Example of Residue-property plot for a cryo-EM structure (PDB ID: 6VJA, Chain C). The colored segments (green, yellow, orange, red) indicate residues with geometric quality outliers. The red diamonds above certain residues mark a poor fit to the EM map (all-atom inclusion < 40%). Stretches of 2 or more consecutive residues without any outlier are shown as a green connector. Residues present in the sample, but not in the model, are shown in grey.
Example of Residue-property plot for an X-ray structure with issues (PDB ID: 1FCC, Chain B).

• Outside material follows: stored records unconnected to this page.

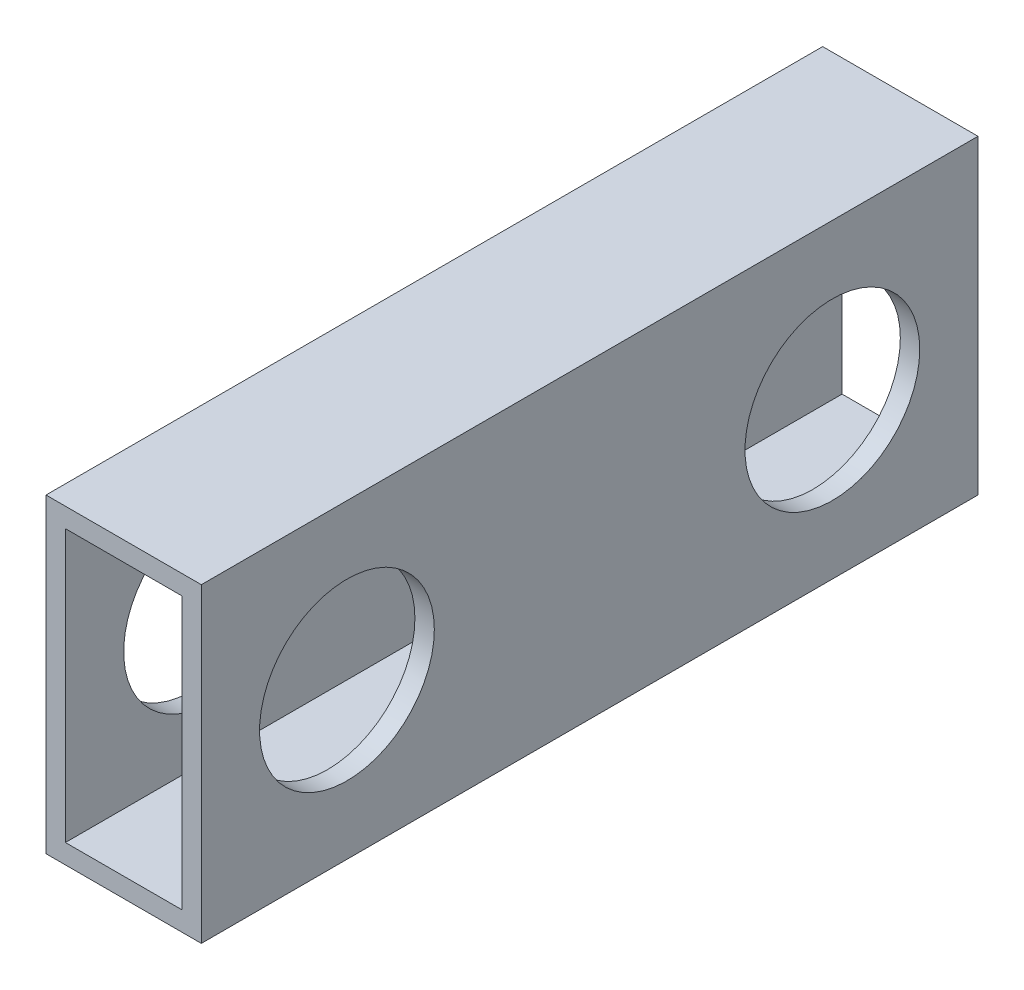
ISO-10303-21;
HEADER;
FILE_DESCRIPTION(('STEP AP214'),'2;1');
FILE_NAME('part.step','',(''),(''),'','','');
FILE_SCHEMA(('AUTOMOTIVE_DESIGN { 1 0 10303 214 1 1 1 1 }'));
ENDSEC;
DATA;
#1=APPLICATION_CONTEXT('core data for automotive mechanical design processes');
#2=APPLICATION_PROTOCOL_DEFINITION('international standard','automotive_design',2000,#1);
#3=PRODUCT_CONTEXT('',#1,'mechanical');
#4=PRODUCT('Part','Part','',(#3));
#5=PRODUCT_RELATED_PRODUCT_CATEGORY('part','',(#4));
#6=PRODUCT_DEFINITION_FORMATION('','',#4);
#7=PRODUCT_DEFINITION_CONTEXT('part definition',#1,'design');
#8=PRODUCT_DEFINITION('design','',#6,#7);
#9=PRODUCT_DEFINITION_SHAPE('','',#8);
#10=(LENGTH_UNIT() NAMED_UNIT(*) SI_UNIT(.MILLI.,.METRE.));
#11=(NAMED_UNIT(*) PLANE_ANGLE_UNIT() SI_UNIT($,.RADIAN.));
#12=(NAMED_UNIT(*) SI_UNIT($,.STERADIAN.) SOLID_ANGLE_UNIT());
#13=UNCERTAINTY_MEASURE_WITH_UNIT(LENGTH_MEASURE(1.E-05),#10,'distance_accuracy_value','');
#14=(GEOMETRIC_REPRESENTATION_CONTEXT(3) GLOBAL_UNCERTAINTY_ASSIGNED_CONTEXT((#13)) GLOBAL_UNIT_ASSIGNED_CONTEXT((#10,
#11,#12)) REPRESENTATION_CONTEXT('',''));
#15=CARTESIAN_POINT('',(0.,0.,0.));
#16=DIRECTION('',(0.,0.,1.));
#17=DIRECTION('',(1.,0.,0.));
#18=AXIS2_PLACEMENT_3D('',#15,#16,#17);
#19=CARTESIAN_POINT('',(12.7,25.4,63.5));
#20=DIRECTION('',(-1.,0.,0.));
#21=DIRECTION('',(0.,0.,1.));
#22=AXIS2_PLACEMENT_3D('',#19,#20,#21);
#23=PLANE('',#22);
#24=CARTESIAN_POINT('',(12.7,0.,-39.6875));
#25=DIRECTION('',(1.,0.,0.));
#26=DIRECTION('',(0.,0.,-1.));
#27=AXIS2_PLACEMENT_3D('',#24,#25,#26);
#28=CIRCLE('',#27,14.2875);
#29=CARTESIAN_POINT('',(12.7,0.,-53.975));
#30=VERTEX_POINT('',#29);
#31=EDGE_CURVE('E171',#30,#30,#28,.T.);
#32=ORIENTED_EDGE('',*,*,#31,.F.);
#33=EDGE_LOOP('',(#32));
#34=FACE_BOUND('',#33,.T.);
#35=CARTESIAN_POINT('',(12.7,0.,39.6875));
#36=DIRECTION('',(1.,0.,0.));
#37=DIRECTION('',(0.,0.,-1.));
#38=AXIS2_PLACEMENT_3D('',#35,#36,#37);
#39=CIRCLE('',#38,14.2875);
#40=CARTESIAN_POINT('',(12.7,0.,25.4));
#41=VERTEX_POINT('',#40);
#42=EDGE_CURVE('E176',#41,#41,#39,.T.);
#43=ORIENTED_EDGE('',*,*,#42,.F.);
#44=EDGE_LOOP('',(#43));
#45=FACE_BOUND('',#44,.T.);
#46=DIRECTION('',(0.,1.,0.));
#47=VECTOR('',#46,1.);
#48=CARTESIAN_POINT('',(12.7,25.4,-63.5));
#49=LINE('',#48,#47);
#50=CARTESIAN_POINT('',(12.7,-25.4,-63.5));
#51=VERTEX_POINT('',#50);
#52=CARTESIAN_POINT('',(12.7,25.4,-63.5));
#53=VERTEX_POINT('',#52);
#54=EDGE_CURVE('E148',#51,#53,#49,.T.);
#55=ORIENTED_EDGE('',*,*,#54,.T.);
#56=DIRECTION('',(0.,0.,-1.));
#57=VECTOR('',#56,1.);
#58=CARTESIAN_POINT('',(12.7,25.4,63.5));
#59=LINE('',#58,#57);
#60=CARTESIAN_POINT('',(12.7,25.4,63.5));
#61=VERTEX_POINT('',#60);
#62=EDGE_CURVE('E11',#61,#53,#59,.T.);
#63=ORIENTED_EDGE('',*,*,#62,.F.);
#64=DIRECTION('',(0.,1.,0.));
#65=VECTOR('',#64,1.);
#66=CARTESIAN_POINT('',(12.7,25.4,63.5));
#67=LINE('',#66,#65);
#68=CARTESIAN_POINT('',(12.7,-25.4,63.5));
#69=VERTEX_POINT('',#68);
#70=EDGE_CURVE('E137',#69,#61,#67,.T.);
#71=ORIENTED_EDGE('',*,*,#70,.F.);
#72=DIRECTION('',(0.,0.,-1.));
#73=VECTOR('',#72,1.);
#74=CARTESIAN_POINT('',(12.7,-25.4,63.5));
#75=LINE('',#74,#73);
#76=EDGE_CURVE('E147',#69,#51,#75,.T.);
#77=ORIENTED_EDGE('',*,*,#76,.T.);
#78=EDGE_LOOP('',(#55,#63,#71,#77));
#79=FACE_BOUND('',#78,.T.);
#80=ADVANCED_FACE('F37',(#34,#45,#79),#23,.F.);
#81=CARTESIAN_POINT('',(-12.7,25.4,63.5));
#82=DIRECTION('',(0.,-1.,0.));
#83=DIRECTION('',(0.,0.,-1.));
#84=AXIS2_PLACEMENT_3D('',#81,#82,#83);
#85=PLANE('',#84);
#86=DIRECTION('',(-1.,0.,0.));
#87=VECTOR('',#86,1.);
#88=CARTESIAN_POINT('',(-12.7,25.4,-63.5));
#89=LINE('',#88,#87);
#90=CARTESIAN_POINT('',(-12.7,25.4,-63.5));
#91=VERTEX_POINT('',#90);
#92=EDGE_CURVE('E151',#53,#91,#89,.T.);
#93=ORIENTED_EDGE('',*,*,#92,.T.);
#94=DIRECTION('',(0.,0.,-1.));
#95=VECTOR('',#94,1.);
#96=CARTESIAN_POINT('',(-12.7,25.4,63.5));
#97=LINE('',#96,#95);
#98=CARTESIAN_POINT('',(-12.7,25.4,63.5));
#99=VERTEX_POINT('',#98);
#100=EDGE_CURVE('E45',#99,#91,#97,.T.);
#101=ORIENTED_EDGE('',*,*,#100,.F.);
#102=DIRECTION('',(-1.,0.,0.));
#103=VECTOR('',#102,1.);
#104=CARTESIAN_POINT('',(-12.7,25.4,63.5));
#105=LINE('',#104,#103);
#106=EDGE_CURVE('E140',#61,#99,#105,.T.);
#107=ORIENTED_EDGE('',*,*,#106,.F.);
#108=ORIENTED_EDGE('',*,*,#62,.T.);
#109=EDGE_LOOP('',(#93,#101,#107,#108));
#110=FACE_BOUND('',#109,.T.);
#111=ADVANCED_FACE('F209',(#110),#85,.F.);
#112=CARTESIAN_POINT('',(-12.7,25.4,63.5));
#113=DIRECTION('',(1.,0.,0.));
#114=DIRECTION('',(0.,0.,-1.));
#115=AXIS2_PLACEMENT_3D('',#112,#113,#114);
#116=PLANE('',#115);
#117=CARTESIAN_POINT('',(-12.7,0.,-39.6875));
#118=DIRECTION('',(1.,0.,0.));
#119=DIRECTION('',(0.,0.,-1.));
#120=AXIS2_PLACEMENT_3D('',#117,#118,#119);
#121=CIRCLE('',#120,14.2875);
#122=CARTESIAN_POINT('',(-12.7,0.,-53.975));
#123=VERTEX_POINT('',#122);
#124=EDGE_CURVE('E165',#123,#123,#121,.T.);
#125=ORIENTED_EDGE('',*,*,#124,.T.);
#126=EDGE_LOOP('',(#125));
#127=FACE_BOUND('',#126,.T.);
#128=CARTESIAN_POINT('',(-12.7,0.,39.6875));
#129=DIRECTION('',(1.,0.,0.));
#130=DIRECTION('',(0.,0.,-1.));
#131=AXIS2_PLACEMENT_3D('',#128,#129,#130);
#132=CIRCLE('',#131,14.2875);
#133=CARTESIAN_POINT('',(-12.7,0.,25.4));
#134=VERTEX_POINT('',#133);
#135=EDGE_CURVE('E181',#134,#134,#132,.T.);
#136=ORIENTED_EDGE('',*,*,#135,.T.);
#137=EDGE_LOOP('',(#136));
#138=FACE_BOUND('',#137,.T.);
#139=DIRECTION('',(0.,-1.,0.));
#140=VECTOR('',#139,1.);
#141=CARTESIAN_POINT('',(-12.7,25.4,-63.5));
#142=LINE('',#141,#140);
#143=CARTESIAN_POINT('',(-12.7,-25.4,-63.5));
#144=VERTEX_POINT('',#143);
#145=EDGE_CURVE('E153',#91,#144,#142,.T.);
#146=ORIENTED_EDGE('',*,*,#145,.T.);
#147=DIRECTION('',(0.,0.,-1.));
#148=VECTOR('',#147,1.);
#149=CARTESIAN_POINT('',(-12.7,-25.4,63.5));
#150=LINE('',#149,#148);
#151=CARTESIAN_POINT('',(-12.7,-25.4,63.5));
#152=VERTEX_POINT('',#151);
#153=EDGE_CURVE('E158',#152,#144,#150,.T.);
#154=ORIENTED_EDGE('',*,*,#153,.F.);
#155=DIRECTION('',(0.,-1.,0.));
#156=VECTOR('',#155,1.);
#157=CARTESIAN_POINT('',(-12.7,25.4,63.5));
#158=LINE('',#157,#156);
#159=EDGE_CURVE('E143',#99,#152,#158,.T.);
#160=ORIENTED_EDGE('',*,*,#159,.F.);
#161=ORIENTED_EDGE('',*,*,#100,.T.);
#162=EDGE_LOOP('',(#146,#154,#160,#161));
#163=FACE_BOUND('',#162,.T.);
#164=ADVANCED_FACE('F216',(#127,#138,#163),#116,.F.);
#165=CARTESIAN_POINT('',(-12.7,-25.4,63.5));
#166=DIRECTION('',(0.,1.,0.));
#167=DIRECTION('',(0.,0.,1.));
#168=AXIS2_PLACEMENT_3D('',#165,#166,#167);
#169=PLANE('',#168);
#170=DIRECTION('',(1.,0.,0.));
#171=VECTOR('',#170,1.);
#172=CARTESIAN_POINT('',(-12.7,-25.4,-63.5));
#173=LINE('',#172,#171);
#174=EDGE_CURVE('E141',#144,#51,#173,.T.);
#175=ORIENTED_EDGE('',*,*,#174,.T.);
#176=ORIENTED_EDGE('',*,*,#76,.F.);
#177=DIRECTION('',(1.,0.,0.));
#178=VECTOR('',#177,1.);
#179=CARTESIAN_POINT('',(-12.7,-25.4,63.5));
#180=LINE('',#179,#178);
#181=EDGE_CURVE('E145',#152,#69,#180,.T.);
#182=ORIENTED_EDGE('',*,*,#181,.F.);
#183=ORIENTED_EDGE('',*,*,#153,.T.);
#184=EDGE_LOOP('',(#175,#176,#182,#183));
#185=FACE_BOUND('',#184,.T.);
#186=ADVANCED_FACE('F233',(#185),#169,.F.);
#187=CARTESIAN_POINT('',(0.,0.,63.5));
#188=DIRECTION('',(0.,0.,1.));
#189=DIRECTION('',(1.,0.,0.));
#190=AXIS2_PLACEMENT_3D('',#187,#188,#189);
#191=PLANE('',#190);
#192=DIRECTION('',(0.,1.,0.));
#193=VECTOR('',#192,1.);
#194=CARTESIAN_POINT('',(9.525,25.4,63.5));
#195=LINE('',#194,#193);
#196=CARTESIAN_POINT('',(9.525,-22.225,63.5));
#197=VERTEX_POINT('',#196);
#198=CARTESIAN_POINT('',(9.525,22.225,63.5));
#199=VERTEX_POINT('',#198);
#200=EDGE_CURVE('E125',#197,#199,#195,.T.);
#201=ORIENTED_EDGE('',*,*,#200,.F.);
#202=DIRECTION('',(1.,0.,0.));
#203=VECTOR('',#202,1.);
#204=CARTESIAN_POINT('',(-12.7,-22.225,63.5));
#205=LINE('',#204,#203);
#206=CARTESIAN_POINT('',(-9.525,-22.225,63.5));
#207=VERTEX_POINT('',#206);
#208=EDGE_CURVE('E108',#207,#197,#205,.T.);
#209=ORIENTED_EDGE('',*,*,#208,.F.);
#210=DIRECTION('',(0.,-1.,0.));
#211=VECTOR('',#210,1.);
#212=CARTESIAN_POINT('',(-9.525,25.4,63.5));
#213=LINE('',#212,#211);
#214=CARTESIAN_POINT('',(-9.525,22.225,63.5));
#215=VERTEX_POINT('',#214);
#216=EDGE_CURVE('E134',#215,#207,#213,.T.);
#217=ORIENTED_EDGE('',*,*,#216,.F.);
#218=DIRECTION('',(-1.,0.,0.));
#219=VECTOR('',#218,1.);
#220=CARTESIAN_POINT('',(-12.7,22.225,63.5));
#221=LINE('',#220,#219);
#222=EDGE_CURVE('E127',#199,#215,#221,.T.);
#223=ORIENTED_EDGE('',*,*,#222,.F.);
#224=EDGE_LOOP('',(#201,#209,#217,#223));
#225=FACE_BOUND('',#224,.T.);
#226=ORIENTED_EDGE('',*,*,#70,.T.);
#227=ORIENTED_EDGE('',*,*,#106,.T.);
#228=ORIENTED_EDGE('',*,*,#159,.T.);
#229=ORIENTED_EDGE('',*,*,#181,.T.);
#230=EDGE_LOOP('',(#226,#227,#228,#229));
#231=FACE_BOUND('',#230,.T.);
#232=ADVANCED_FACE('F192',(#225,#231),#191,.T.);
#233=CARTESIAN_POINT('',(0.,0.,-63.5));
#234=DIRECTION('',(0.,0.,1.));
#235=DIRECTION('',(1.,0.,0.));
#236=AXIS2_PLACEMENT_3D('',#233,#234,#235);
#237=PLANE('',#236);
#238=DIRECTION('',(1.,0.,0.));
#239=VECTOR('',#238,1.);
#240=CARTESIAN_POINT('',(-12.7,-22.225,-63.5));
#241=LINE('',#240,#239);
#242=CARTESIAN_POINT('',(-9.525,-22.225,-63.5));
#243=VERTEX_POINT('',#242);
#244=CARTESIAN_POINT('',(9.525,-22.225,-63.5));
#245=VERTEX_POINT('',#244);
#246=EDGE_CURVE('E106',#243,#245,#241,.T.);
#247=ORIENTED_EDGE('',*,*,#246,.T.);
#248=DIRECTION('',(0.,1.,0.));
#249=VECTOR('',#248,1.);
#250=CARTESIAN_POINT('',(9.525,25.4,-63.5));
#251=LINE('',#250,#249);
#252=CARTESIAN_POINT('',(9.525,22.225,-63.5));
#253=VERTEX_POINT('',#252);
#254=EDGE_CURVE('E114',#245,#253,#251,.T.);
#255=ORIENTED_EDGE('',*,*,#254,.T.);
#256=DIRECTION('',(-1.,0.,0.));
#257=VECTOR('',#256,1.);
#258=CARTESIAN_POINT('',(-12.7,22.225,-63.5));
#259=LINE('',#258,#257);
#260=CARTESIAN_POINT('',(-9.525,22.225,-63.5));
#261=VERTEX_POINT('',#260);
#262=EDGE_CURVE('E120',#253,#261,#259,.T.);
#263=ORIENTED_EDGE('',*,*,#262,.T.);
#264=DIRECTION('',(0.,-1.,0.));
#265=VECTOR('',#264,1.);
#266=CARTESIAN_POINT('',(-9.525,25.4,-63.5));
#267=LINE('',#266,#265);
#268=EDGE_CURVE('E60',#261,#243,#267,.T.);
#269=ORIENTED_EDGE('',*,*,#268,.T.);
#270=EDGE_LOOP('',(#247,#255,#263,#269));
#271=FACE_BOUND('',#270,.T.);
#272=ORIENTED_EDGE('',*,*,#54,.F.);
#273=ORIENTED_EDGE('',*,*,#174,.F.);
#274=ORIENTED_EDGE('',*,*,#145,.F.);
#275=ORIENTED_EDGE('',*,*,#92,.F.);
#276=EDGE_LOOP('',(#272,#273,#274,#275));
#277=FACE_BOUND('',#276,.T.);
#278=ADVANCED_FACE('F123',(#271,#277),#237,.F.);
#279=CARTESIAN_POINT('',(9.525,25.4,63.5));
#280=DIRECTION('',(-1.,0.,0.));
#281=DIRECTION('',(0.,0.,1.));
#282=AXIS2_PLACEMENT_3D('',#279,#280,#281);
#283=PLANE('',#282);
#284=CARTESIAN_POINT('',(9.525,0.,-39.6875));
#285=DIRECTION('',(-1.,0.,0.));
#286=DIRECTION('',(0.,0.,1.));
#287=AXIS2_PLACEMENT_3D('',#284,#285,#286);
#288=CIRCLE('',#287,14.2875);
#289=CARTESIAN_POINT('',(9.525,0.,-25.4));
#290=VERTEX_POINT('',#289);
#291=EDGE_CURVE('E121',#290,#290,#288,.T.);
#292=ORIENTED_EDGE('',*,*,#291,.F.);
#293=EDGE_LOOP('',(#292));
#294=FACE_BOUND('',#293,.T.);
#295=CARTESIAN_POINT('',(9.525,0.,39.6875));
#296=DIRECTION('',(-1.,0.,0.));
#297=DIRECTION('',(0.,0.,1.));
#298=AXIS2_PLACEMENT_3D('',#295,#296,#297);
#299=CIRCLE('',#298,14.2875);
#300=CARTESIAN_POINT('',(9.525,0.,53.975));
#301=VERTEX_POINT('',#300);
#302=EDGE_CURVE('E164',#301,#301,#299,.T.);
#303=ORIENTED_EDGE('',*,*,#302,.F.);
#304=EDGE_LOOP('',(#303));
#305=FACE_BOUND('',#304,.T.);
#306=ORIENTED_EDGE('',*,*,#254,.F.);
#307=DIRECTION('',(0.,0.,-1.));
#308=VECTOR('',#307,1.);
#309=CARTESIAN_POINT('',(9.525,-22.225,63.5));
#310=LINE('',#309,#308);
#311=EDGE_CURVE('E102',#197,#245,#310,.T.);
#312=ORIENTED_EDGE('',*,*,#311,.F.);
#313=ORIENTED_EDGE('',*,*,#200,.T.);
#314=DIRECTION('',(0.,0.,-1.));
#315=VECTOR('',#314,1.);
#316=CARTESIAN_POINT('',(9.525,22.225,63.5));
#317=LINE('',#316,#315);
#318=EDGE_CURVE('E117',#199,#253,#317,.T.);
#319=ORIENTED_EDGE('',*,*,#318,.T.);
#320=EDGE_LOOP('',(#306,#312,#313,#319));
#321=FACE_BOUND('',#320,.T.);
#322=ADVANCED_FACE('F115',(#294,#305,#321),#283,.T.);
#323=CARTESIAN_POINT('',(-12.7,22.225,63.5));
#324=DIRECTION('',(0.,-1.,0.));
#325=DIRECTION('',(0.,0.,-1.));
#326=AXIS2_PLACEMENT_3D('',#323,#324,#325);
#327=PLANE('',#326);
#328=ORIENTED_EDGE('',*,*,#262,.F.);
#329=ORIENTED_EDGE('',*,*,#318,.F.);
#330=ORIENTED_EDGE('',*,*,#222,.T.);
#331=DIRECTION('',(0.,0.,-1.));
#332=VECTOR('',#331,1.);
#333=CARTESIAN_POINT('',(-9.525,22.225,63.5));
#334=LINE('',#333,#332);
#335=EDGE_CURVE('E186',#215,#261,#334,.T.);
#336=ORIENTED_EDGE('',*,*,#335,.T.);
#337=EDGE_LOOP('',(#328,#329,#330,#336));
#338=FACE_BOUND('',#337,.T.);
#339=ADVANCED_FACE('F195',(#338),#327,.T.);
#340=CARTESIAN_POINT('',(-9.525,25.4,63.5));
#341=DIRECTION('',(1.,0.,0.));
#342=DIRECTION('',(0.,0.,-1.));
#343=AXIS2_PLACEMENT_3D('',#340,#341,#342);
#344=PLANE('',#343);
#345=CARTESIAN_POINT('',(-9.525,0.,-39.6875));
#346=DIRECTION('',(1.,0.,0.));
#347=DIRECTION('',(0.,0.,-1.));
#348=AXIS2_PLACEMENT_3D('',#345,#346,#347);
#349=CIRCLE('',#348,14.2875);
#350=CARTESIAN_POINT('',(-9.525,0.,-53.975));
#351=VERTEX_POINT('',#350);
#352=EDGE_CURVE('E40',#351,#351,#349,.T.);
#353=ORIENTED_EDGE('',*,*,#352,.F.);
#354=EDGE_LOOP('',(#353));
#355=FACE_BOUND('',#354,.T.);
#356=CARTESIAN_POINT('',(-9.525,0.,39.6875));
#357=DIRECTION('',(1.,0.,0.));
#358=DIRECTION('',(0.,0.,-1.));
#359=AXIS2_PLACEMENT_3D('',#356,#357,#358);
#360=CIRCLE('',#359,14.2875);
#361=CARTESIAN_POINT('',(-9.525,0.,25.4));
#362=VERTEX_POINT('',#361);
#363=EDGE_CURVE('E162',#362,#362,#360,.T.);
#364=ORIENTED_EDGE('',*,*,#363,.F.);
#365=EDGE_LOOP('',(#364));
#366=FACE_BOUND('',#365,.T.);
#367=ORIENTED_EDGE('',*,*,#268,.F.);
#368=ORIENTED_EDGE('',*,*,#335,.F.);
#369=ORIENTED_EDGE('',*,*,#216,.T.);
#370=DIRECTION('',(0.,0.,-1.));
#371=VECTOR('',#370,1.);
#372=CARTESIAN_POINT('',(-9.525,-22.225,63.5));
#373=LINE('',#372,#371);
#374=EDGE_CURVE('E53',#207,#243,#373,.T.);
#375=ORIENTED_EDGE('',*,*,#374,.T.);
#376=EDGE_LOOP('',(#367,#368,#369,#375));
#377=FACE_BOUND('',#376,.T.);
#378=ADVANCED_FACE('F188',(#355,#366,#377),#344,.T.);
#379=CARTESIAN_POINT('',(-12.7,-22.225,63.5));
#380=DIRECTION('',(0.,1.,0.));
#381=DIRECTION('',(0.,0.,1.));
#382=AXIS2_PLACEMENT_3D('',#379,#380,#381);
#383=PLANE('',#382);
#384=ORIENTED_EDGE('',*,*,#246,.F.);
#385=ORIENTED_EDGE('',*,*,#374,.F.);
#386=ORIENTED_EDGE('',*,*,#208,.T.);
#387=ORIENTED_EDGE('',*,*,#311,.T.);
#388=EDGE_LOOP('',(#384,#385,#386,#387));
#389=FACE_BOUND('',#388,.T.);
#390=ADVANCED_FACE('F104',(#389),#383,.T.);
#391=CARTESIAN_POINT('',(-12.7,0.,39.6875));
#392=DIRECTION('',(1.,0.,0.));
#393=DIRECTION('',(0.,0.,-1.));
#394=AXIS2_PLACEMENT_3D('',#391,#392,#393);
#395=CYLINDRICAL_SURFACE('',#394,14.2875);
#396=ORIENTED_EDGE('',*,*,#363,.T.);
#397=EDGE_LOOP('',(#396));
#398=FACE_BOUND('',#397,.T.);
#399=ORIENTED_EDGE('',*,*,#135,.F.);
#400=EDGE_LOOP('',(#399));
#401=FACE_BOUND('',#400,.T.);
#402=ADVANCED_FACE('F247',(#398,#401),#395,.F.);
#403=CARTESIAN_POINT('',(-12.7,0.,-39.6875));
#404=DIRECTION('',(1.,0.,0.));
#405=DIRECTION('',(0.,0.,-1.));
#406=AXIS2_PLACEMENT_3D('',#403,#404,#405);
#407=CYLINDRICAL_SURFACE('',#406,14.2875);
#408=ORIENTED_EDGE('',*,*,#352,.T.);
#409=EDGE_LOOP('',(#408));
#410=FACE_BOUND('',#409,.T.);
#411=ORIENTED_EDGE('',*,*,#124,.F.);
#412=EDGE_LOOP('',(#411));
#413=FACE_BOUND('',#412,.T.);
#414=ADVANCED_FACE('F250',(#410,#413),#407,.F.);
#415=ORIENTED_EDGE('',*,*,#302,.T.);
#416=EDGE_LOOP('',(#415));
#417=FACE_BOUND('',#416,.T.);
#418=ORIENTED_EDGE('',*,*,#42,.T.);
#419=EDGE_LOOP('',(#418));
#420=FACE_BOUND('',#419,.T.);
#421=ADVANCED_FACE('F252',(#417,#420),#395,.F.);
#422=ORIENTED_EDGE('',*,*,#291,.T.);
#423=EDGE_LOOP('',(#422));
#424=FACE_BOUND('',#423,.T.);
#425=ORIENTED_EDGE('',*,*,#31,.T.);
#426=EDGE_LOOP('',(#425));
#427=FACE_BOUND('',#426,.T.);
#428=ADVANCED_FACE('F258',(#424,#427),#407,.F.);
#429=CLOSED_SHELL('',(#80,#111,#164,#186,#232,#278,#322,#339,#378,#390,#402,#414,#421,#428));
#430=MANIFOLD_SOLID_BREP('B2',#429);
#431=ADVANCED_BREP_SHAPE_REPRESENTATION('',(#18,#430),#14);
#432=SHAPE_DEFINITION_REPRESENTATION(#9,#431);
ENDSEC;
END-ISO-10303-21;

The presence of yellow, orange, and red segments, along with a red bar above, indicates residues with geometric problems and/or poor fit to electron density (RSRZ outliers).
Example of Residue-property plot for an NMR structure (PDB ID: 6QWR, Chain A). This plot includes green, and yellow segments, for geometric outliers, and importantly, cyan segments indicating “ill-defined” regions within the NMR ensemble.

In general, the less red, orange, yellow, and grey these plots contain, the better. It is important to realise that residues that are outliers on one or more model-validation criteria could be either errors in the model or reflect genuine features of the structure. Careful analysis of the experimental data is typically required to make the distinction. Outlier residues that are important for structure or function (e.g., enzymatic residues, interface residues, ligand-binding residues) should be inspected extra carefully.

Model quality

This section details the geometric quality of the model, breaking down the global metrics into specific issues.

  • Standard geometry: provides tables summarising bond lengths, bond angles, chirality, and planarity deviations. These tables indicate the RMSZ (Root Mean Squared Z-score) values and the number of outliers (deviations outside a statistically expected range). Individual outliers (e.g., a specific bond that is too long) will be listed in sub-tables.
  • Too-close contacts (Clashscore details): this section lists every identified atomic clash (atoms packed too closely together, violating physical space). The “clashscore” is a global summary, but here you see the individual problematic contacts. It’s worth noting that MolProbity’s clashscore calculation adds hydrogen atoms to the structure before analysis, which helps identify potential improvements even if hydrogen atoms weren’t explicitly modelled in the original structure.
  • Torsion angles (Protein backbone, protein sidechains, RNA): provides detailed summaries and lists of outliers for Ramachandran angles, rotamers (protein sidechains), and RNA backbone torsion angles, supporting the global outlier percentages.
  • Ligand geometry: this is particularly important for small molecules. It assesses bond lengths, angles, chirality, torsions, and rings of bound ligands against the Cambridge Structural Database (CSD) of small molecule organic structures.
    • If you are using information about a small molecule ligand in a PDB entry to make functional conclusions about its interactions, then it is important to check the quality of that specific ligand in the validation report. The report will also highlight if a ligand is a “Ligand Of Interest (LOI),” meaning it was specifically flagged by the authors during deposition as central to their research.